# The data:
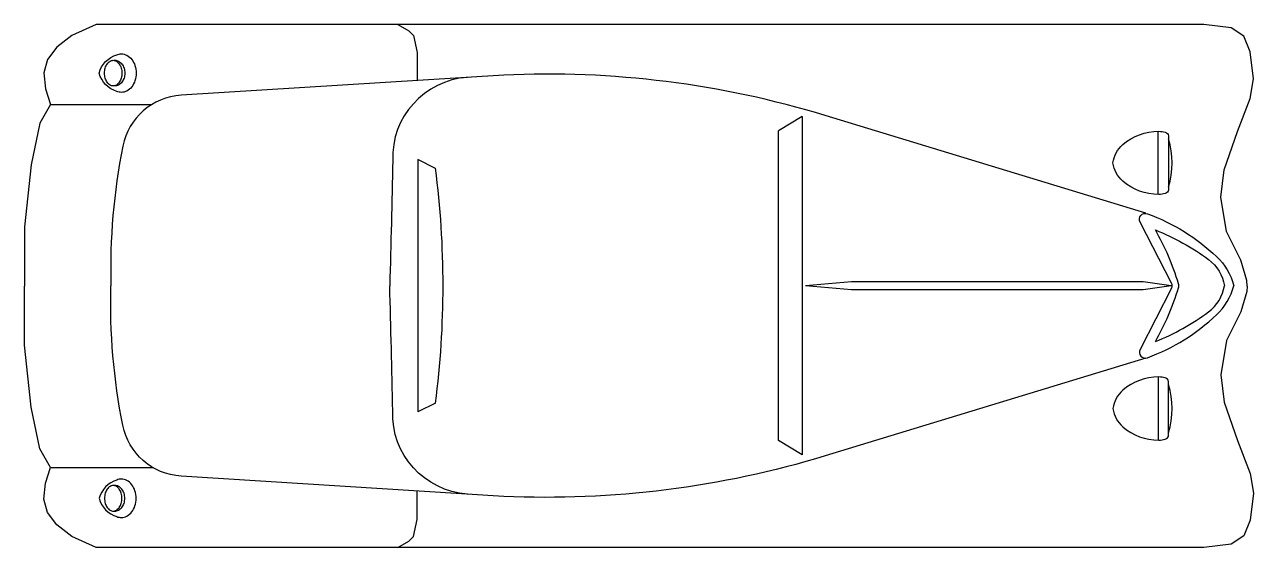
# Model space of a CAD drawing. Extents: x -3.94 to 0.02, y -0.84 to 0.84.
import ezdxf

# ---------------------------------------------------------------- set-up
doc = ezdxf.new("R2010")
doc.units = 0
doc.layers.get('0').update_dxf_attribs({"linetype": 'CONTINUOUS'})

msp = doc.modelspace()

# ---------------------------------------------------------------- linework, layer by layer
at = {"color": 0, "linetype": 'BYBLOCK'}
for p, q in [((-3.7083, 0.8405), (-3.7863, 0.8055)), ((-0.1444, 0.8405), (-3.7083, 0.8405)), ((-2.7379, 0.8405), (-2.7025, 0.8204)), ((-0.0562, 0.8302), (-0.1444, 0.8405)), ((-3.7863, 0.8055), (-3.8353, 0.7678)), ((-2.7025, 0.8204), (-2.6871, 0.805)), ((-2.6871, 0.805), (-2.675, 0.7501)), ((-0.0152, 0.8036), (-0.0562, 0.8302)), ((0.0053, 0.7523), (-0.0152, 0.8036)), ((-3.8353, 0.7678), (-3.8654, 0.7283)), ((0.0156, 0.6662), (0.0053, 0.7523)), ((-3.8654, 0.7283), (-3.8767, 0.6849)), ((-2.675, 0.7501), (-2.675, 0.6604)), ((-3.8767, 0.6849), (-3.8711, 0.6341)), ((-3.8711, 0.6341), (-3.856, 0.5832)), ((0.0053, 0.6027), (0.0156, 0.6662)), ((-0.0357, 0.4961), (0.0053, 0.6027)), ((-3.856, 0.5832), (-3.8899, 0.523)), ((-3.856, 0.5832), (-3.529, 0.5832)), ((-3.8899, 0.523), (-3.9182, 0.3892)), ((-1.4367, 0.5445), (-1.5129, 0.4985)), ((-1.4367, 0.5445), (-1.4367, -0.5445)), ((-1.5129, -0.4985), (-1.5129, 0.4985)), ((-0.2905, 0.2937), (-0.2905, 0.4969)), ((-0.0788, 0.3731), (-0.0357, 0.4961)), ((-2.6734, 0.4064), (-2.6734, -0.4064)), ((-2.6162, 0.3778), (-2.6734, 0.4064)), ((-3.9182, 0.3892), (-3.9389, 0.1896)), ((-0.089, 0.285), (-0.0788, 0.3731)), ((-0.0706, 0.1743), (-0.089, 0.285)), ((-3.9389, 0.1896), (-3.9389, -0.0009)), ((-0.0254, 0.082), (-0.0706, 0.1743)), ((-0.0058, 0.0166), (-0.0254, 0.082)), ((-0.0042, -0.0009), (-0.0058, 0.0166)), ((-3.9389, -0.1914), (-3.9389, -0.0009)), ((-0.0058, -0.0184), (-0.0254, -0.0838)), ((-0.0042, -0.0009), (-0.0058, -0.0184)), ((-0.0254, -0.0838), (-0.0706, -0.176)), ((-3.9182, -0.391), (-3.9389, -0.1914)), ((-0.0706, -0.176), (-0.089, -0.2867)), ((-0.2905, -0.2937), (-0.2905, -0.4969)), ((-0.089, -0.2867), (-0.0788, -0.3749)), ((-3.8899, -0.5247), (-3.9182, -0.391)), ((-2.6162, -0.3778), (-2.6734, -0.4064)), ((-0.0788, -0.3749), (-0.0357, -0.4979)), ((-1.4367, -0.5445), (-1.5129, -0.4985)), ((-0.0357, -0.4979), (0.0053, -0.6045)), ((-3.856, -0.585), (-3.8899, -0.5247)), ((-3.8711, -0.6359), (-3.856, -0.585)), ((-3.856, -0.585), (-3.526, -0.585)), ((0.0053, -0.6045), (0.0156, -0.668)), ((-3.8767, -0.6867), (-3.8711, -0.6359)), ((-2.675, -0.7519), (-2.675, -0.6604)), ((0.0156, -0.668), (0.0053, -0.7541)), ((-3.8654, -0.73), (-3.8767, -0.6867)), ((-3.8353, -0.7696), (-3.8654, -0.73)), ((-3.7863, -0.8073), (-3.8353, -0.7696)), ((-2.6871, -0.8067), (-2.675, -0.7519)), ((0.0053, -0.7541), (-0.0152, -0.8054)), ((-3.7083, -0.8423), (-3.7863, -0.8073)), ((-2.7379, -0.8423), (-2.7025, -0.8222)), ((-2.7025, -0.8222), (-2.6871, -0.8067)), ((-0.0152, -0.8054), (-0.0562, -0.832)), ((-0.1444, -0.8423), (-3.7083, -0.8423)), ((-0.0562, -0.832), (-0.1444, -0.8423))]:
    msp.add_line(p, q, dxfattribs=at)
for points in [[(-3.642, 0.6253, -0.261994), (-3.6989, 0.6842, -0.261994), (-3.642, 0.7432, -0.101154), (-3.6274, 0.7461, -0.12412), (-3.6099, 0.7417, -0.105677), (-3.5938, 0.728, -0.087029), (-3.5836, 0.7086, -0.077267), (-3.5798, 0.6842, -0.077267), (-3.5836, 0.6599, -0.087029), (-3.5938, 0.6404, -0.105677), (-3.6099, 0.6267, -0.12412), (-3.6274, 0.6223, -0.101154)], [(-3.6814, 0.6842, -0.068066), (-3.6792, 0.7006, -0.080296), (-3.6733, 0.7134, -0.107082), (-3.6636, 0.7227, -0.138819), (-3.6536, 0.7255, -0.138819), (-3.6436, 0.7227, -0.107082), (-3.634, 0.7134, -0.080296), (-3.6281, 0.7006, -0.068066), (-3.6258, 0.6842, -0.068066), (-3.6281, 0.6678, -0.080296), (-3.634, 0.655, -0.107082), (-3.6436, 0.6458, -0.138819), (-3.6536, 0.6429, -0.138819), (-3.6636, 0.6458, -0.107082), (-3.6733, 0.655, -0.080296), (-3.6792, 0.6678, -0.068066)], [(-0.4366, 0.3953, -0.182262), (-0.4048, 0.454, -0.182186), (-0.2889, 0.4969, -0.073376), (-0.2683, 0.4937, -0.248036), (-0.2572, 0.4826), (-0.2572, 0.3953), (-0.2572, 0.308, -0.248036), (-0.2683, 0.2969, -0.073376), (-0.2889, 0.2937, -0.182186), (-0.4048, 0.3366, -0.182262)], [(-0.4366, -0.3953, 0.182262), (-0.4048, -0.454, 0.182186), (-0.2889, -0.4969, 0.073376), (-0.2683, -0.4937, 0.248036), (-0.2572, -0.4826), (-0.2572, -0.3953), (-0.2572, -0.308, 0.248036), (-0.2683, -0.2969, 0.073376), (-0.2889, -0.2937, 0.182186), (-0.4048, -0.3366, 0.182262)], [(-3.642, -0.6253, 0.261994), (-3.6989, -0.6842, 0.261994), (-3.642, -0.7432, 0.101154), (-3.6274, -0.7461, 0.12412), (-3.6099, -0.7417, 0.105677), (-3.5938, -0.728, 0.087029), (-3.5836, -0.7086, 0.077267), (-3.5798, -0.6842, 0.077267), (-3.5836, -0.6599, 0.087029), (-3.5938, -0.6404, 0.105677), (-3.6099, -0.6267, 0.12412), (-3.6274, -0.6223, 0.101154)], [(-3.6814, -0.6842, 0.068066), (-3.6792, -0.7006, 0.080296), (-3.6733, -0.7134, 0.107082), (-3.6636, -0.7227, 0.138819), (-3.6536, -0.7255, 0.138819), (-3.6436, -0.7227, 0.107082), (-3.634, -0.7134, 0.080296), (-3.6281, -0.7006, 0.068066), (-3.6258, -0.6842, 0.068066), (-3.6281, -0.6678, 0.080296), (-3.634, -0.655, 0.107082), (-3.6436, -0.6458, 0.138819), (-3.6536, -0.6429, 0.138819), (-3.6636, -0.6458, 0.107082), (-3.6733, -0.655, 0.080296), (-3.6792, -0.6678, 0.068066)]]:
    msp.add_lwpolyline(points, format="xyb", close=True, dxfattribs=at)
for points in [[(-3.6517, 0.7254, -0.027606), (-3.6489, 0.7256, -0.121696), (-3.6368, 0.7226, -0.105271), (-3.6259, 0.7134, -0.088147), (-3.6189, 0.7004, -0.078959), (-3.6163, 0.6842, -0.078959), (-3.6189, 0.668, -0.088147), (-3.6259, 0.655, -0.105271), (-3.6368, 0.6458, -0.121696), (-3.6489, 0.6429, -0.027606), (-3.6517, 0.643, -0.105271)], [(-0.3302, 0.2334), (-1.3621, 0.5477, 0.085495), (-2.3971, 0.6779), (-3.4354, 0.6128, 0.339745), (-3.6227, 0.4493, 0.056833), (-3.6608, 0, 2.583594)], [(-2.5131, 0.6706, 0.405099), (-2.7543, 0.4032, -0.002423), (-2.7638, 0, 0.761643)], [(-0.2477, 0.0079), (-0.3493, 0.2048, -0.683731), (-0.3254, 0.2318, -0.102556), (-0.1032, 0.0937, -0.42892)], [(-0.3, 0.1794, -0.066713), (-0.1286, 0.0841, -0.196096), (-0.0778, 0, -0.002268)], [(-0.1032, 0.0937, -0.145946), (-0.0476, 0, -0.123407)], [(-0.3302, -0.2334), (-1.3621, -0.5477, -0.085495), (-2.3971, -0.6779), (-3.4354, -0.6128, -0.339745), (-3.6227, -0.4493, -0.056833), (-3.6608, 0, -2.583594)], [(-2.5131, -0.6706, -0.405099), (-2.7543, -0.4032, 0.002423), (-2.7638, 0, -0.761643)], [(-0.2477, -0.0079), (-0.3493, -0.2048, 0.683731), (-0.3254, -0.2318, 0.102556), (-0.1032, -0.0937, 0.42892)], [(-0.3, -0.1794, 0.066713), (-0.1286, -0.0841, 0.196096), (-0.0778, 0, 0.002268)], [(-0.1032, -0.0937, 0.145946), (-0.0476, 0, 0.123407)], [(-3.6517, -0.7254, 0.027606), (-3.6489, -0.7256, 0.121696), (-3.6368, -0.7226, 0.105271), (-3.6259, -0.7134, 0.088147), (-3.6189, -0.7004, 0.078959), (-3.6163, -0.6842, 0.078959), (-3.6189, -0.668, 0.088147), (-3.6259, -0.655, 0.105271), (-3.6368, -0.6458, 0.121696), (-3.6489, -0.6429, 0.027606), (-3.6517, -0.643, 0.105271)]]:
    msp.add_lwpolyline(points, format="xyb", dxfattribs=at)
for points in [[(-0.2492, 0), (-0.3397, 0.0127), (-1.2779, 0.0127), (-1.4256, 0)], [(-0.2492, 0), (-0.3397, -0.0127), (-1.2779, -0.0127), (-1.4256, 0)]]:
    msp.add_lwpolyline(points, dxfattribs=at)
for centre, radius, start, end in [((-0.5239, 0.3953), 0.2778, 343.7398, 16.2602), ((-5.568, 0), 2.9758, 352.7058, 7.2942), ((-1.0202, -0.2338), 0.8303, 16.8093, 29.8414), ((-0.2619, 0), 0.0163, 330.9454, 29.0546), ((-0.2397, 0), 0.0156, 336.0375, 23.9625), ((-1.0202, 0.2338), 0.8303, 330.1586, 343.1907), ((-0.5239, -0.3953), 0.2778, 343.7398, 16.2602)]:
    msp.add_arc(centre, radius, start, end, dxfattribs=at)

doc.saveas('drawing.dxf')
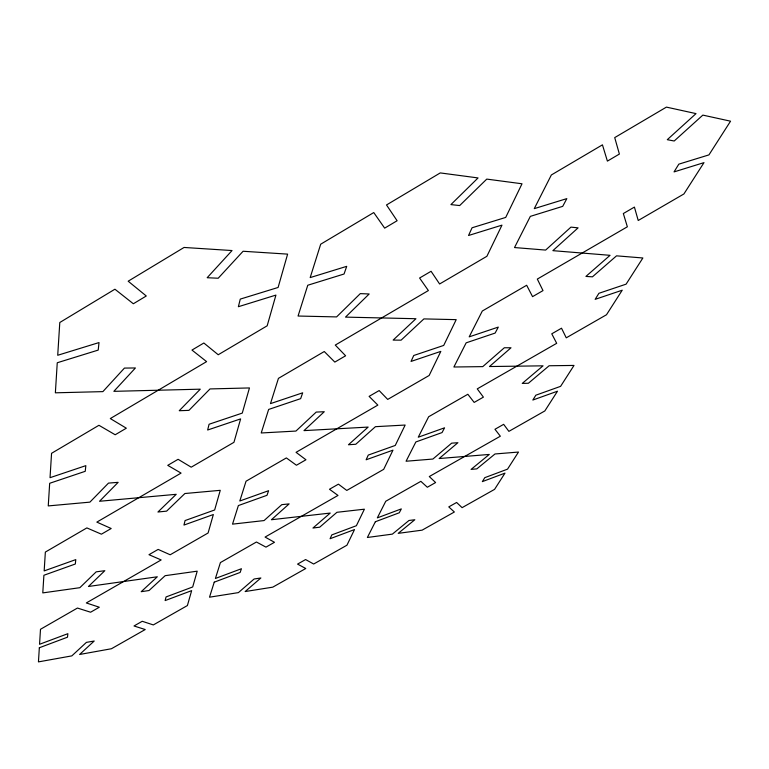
<?xml version="1.0" encoding="UTF-8"?>
<svg xmlns="http://www.w3.org/2000/svg" width="769" height="769" viewBox="0 0 769 769"><rect width="100%" height="100%" fill="white"/><g stroke="black" fill="none" stroke-linecap="round" stroke-linejoin="round"><path stroke-width="1.15" d="M39.334 647.748L38.45 661.888L71.834 655.88L86.416 642.375L94.212 641.019L79.611 654.477L111.438 648.738L145.226 629.532L133.998 625.976L142.227 621.285L153.329 624.928L187.396 605.549L191.654 590.63L165.133 600.579L166.046 596.946L192.692 586.968L197.2 571.175L165.152 575.683L149.042 590.525L141.208 591.688L157.309 576.788L88.454 586.478L104.824 570.694L96.192 571.838L79.841 587.689L42.785 592.899L43.9 575.26L75.324 564.004L75.785 559.611L44.169 570.906L45.352 552.075L86.868 527.909L101.412 534.186L111.197 528.505L96.836 522.113L181.061 473.098L167.748 465.351L178.1 459.304L191.212 467.187L233.949 442.319L240.63 418.894L207.649 430.015L209.081 424.248L242.273 413.097L249.454 387.941L210.014 388.931L188.943 410.358L179.225 410.733L200.286 389.172L113.85 391.344L135.421 367.967L124.434 368.082L102.883 391.623L55.368 392.815L57.252 362.757L98.211 350.087L99.018 342.57L57.723 355.268L59.79 322.509L114.917 289.211L133.345 303.765L146.283 295.988L128.173 281.204L184.07 247.455L232.046 250.55L207.169 277.724L218.194 278.234L243.081 251.261L287.616 254.126L278.109 287.462L240.274 299.103L238.38 306.716L275.927 295.094L267.17 325.806L218.223 354.749L203.852 343.012L191.971 350.068L206.601 361.622L110.303 418.567L126.327 428.198L115.196 434.764L98.932 425.295L51.561 453.306L50.033 477.684L85.84 465.649L85.244 471.301L49.677 483.288L48.255 505.915L89.896 502.138L108.496 483.105L118.166 482.336L99.547 501.263L176.207 494.313L157.943 512.01L166.623 511.135L184.887 493.525L220.261 490.324L214.647 509.982L185.079 520.555L183.954 525.064L213.349 514.528L208.091 532.994L170.18 554.776L158.145 549.412L148.975 554.689L161.163 559.947L86.311 602.954L99.316 607.222L90.598 612.22L77.448 608.048L40.497 629.282L39.555 644.278L67.864 633.685L67.489 637.193L39.334 647.748M214.243 582.162L209.514 597.186L238.419 592.611L254.116 578.999L260.864 577.98L245.157 591.544L272.764 587.16L305.764 568.502L297.565 564.1L305.601 559.544L313.675 564.023L346.944 545.202L354.519 529.553L330.074 538.723L331.814 534.907L356.383 525.717L364.391 509.193L336.937 512.298L319.683 527.198L312.954 528.024L330.218 513.067L271.419 519.729L289.115 503.897L281.781 504.656L264.075 520.565L232.526 524.141L238.371 505.569L266.997 495.303L268.602 490.699L239.813 500.994L246.042 481.221L286.376 457.92L296.44 465.245L305.947 459.766L296.055 452.335L377.848 405.109L369.11 396.371L379.155 390.565L387.701 399.419L429.16 375.474L440.829 351.375L411.031 361.43L413.741 355.499L443.713 345.425L456.2 319.644L423.902 318.904L401.091 340.158L393.122 340.1L415.952 318.722L345.502 317.116L369.178 293.979L360.296 293.623L336.591 316.915L298.064 316.03L307.763 285.241L344.051 274.014L346.713 266.343L310.176 277.59L320.692 244.206L373.753 212.561L384.663 228.143L397.112 220.741L386.509 204.958L440.252 172.919L478.058 177.937L450.913 204.602L459.679 205.563L486.767 179.1L522.016 183.781L505.714 217.425L472.06 227.778L468.542 235.497L501.974 225.144L486.892 256.288L439.608 283.982L431.073 271.284L419.595 278.022L428.381 290.557L335.274 345.079L345.608 355.787L334.823 362.084L324.268 351.529L278.436 378.367L270.477 403.629L302.688 392.805L300.65 398.65L268.641 409.444L261.229 432.976L295.94 431.063L316.222 412.078L324.268 411.732L303.995 430.621L368.149 427.083L348.472 444.751L355.778 444.261L375.435 426.68L405.148 425.046L395.266 445.434L368.264 455.085L366.121 459.785L392.978 450.153L383.683 469.35L346.771 490.43L338.418 484.153L329.488 489.257L337.995 495.438L265.074 537.07L274.475 542.289L265.978 547.134L256.433 542.01L220.415 562.572L215.407 578.471L241.437 568.733L240.139 572.453L214.243 582.162M375.368 521.738L367.38 537.473L392.373 534.128L408.983 520.478L414.808 519.748L398.217 533.35L422.133 530.158L454.364 512L448.779 506.896L456.623 502.474L462.092 507.655L494.573 489.363L504.973 473.137L482.355 481.615L484.806 477.655L507.521 469.157L518.489 452.057L495.015 453.97L476.847 468.869L471.089 469.398L489.276 454.441L439.147 458.535L457.901 442.713L451.672 443.155L432.889 459.045L406.07 461.237L415.856 441.964L442.05 432.572L444.588 427.804L418.259 437.215L428.65 416.75L467.85 394.266L474.165 402.418L483.403 397.131L477.251 388.874L556.689 343.31L551.767 333.813L561.514 328.209L566.253 337.831L606.491 314.752L622.217 290.211L595.168 299.333L598.907 293.297L626.101 284.155L642.874 257.98L616.536 255.837L592.438 276.83L585.911 276.427L610.067 255.318L552.863 250.665L578.096 227.855L570.944 227.124L545.654 250.079L514.519 247.551L530.341 216.368L562.716 206.352L566.84 198.613L534.272 208.639L551.354 174.967L602.444 144.841L607.395 161.115L619.381 154.06L614.719 137.603L666.425 107.112L696.022 113.61L667.281 139.689L674.192 141.006L702.847 115.11L730.55 121.185L708.951 154.886L678.825 164.153L674.029 171.91L703.981 162.634L683.91 193.961L638.222 220.492L634.415 207.092L623.332 213.542L627.36 226.788L537.32 279.08L543.001 290.605L532.561 296.651L526.669 285.261L482.307 311.022L469.186 336.87L498.312 327.085L495.121 333.073L466.158 342.839L453.893 367.005L482.769 366.621L504.339 347.761L511.02 347.771L489.478 366.534L543.029 365.833L522.257 383.414L528.39 383.25L549.124 365.756L574.01 365.429L560.601 386.346L535.839 395.199L532.85 400.034L557.487 391.2L544.837 410.944L508.886 431.361L503.657 424.334L494.967 429.275L500.34 436.206L429.285 476.549L435.61 482.548L427.324 487.248L420.864 481.336L385.759 501.263L377.329 517.883L401.331 508.895L399.265 512.779L375.368 521.738"/></g></svg>

# Exercise brief:
Reproduce only the lines from the beginning of the data through the line that contains "doc.units = 0", both included, and please drop the pictures.

# Your solution:
# Model space of a CAD drawing. Extents: x -3.94 to 0.02, y -0.84 to 0.84.
import ezdxf

# ---------------------------------------------------------------- set-up
doc = ezdxf.new("R2010")
doc.units = 0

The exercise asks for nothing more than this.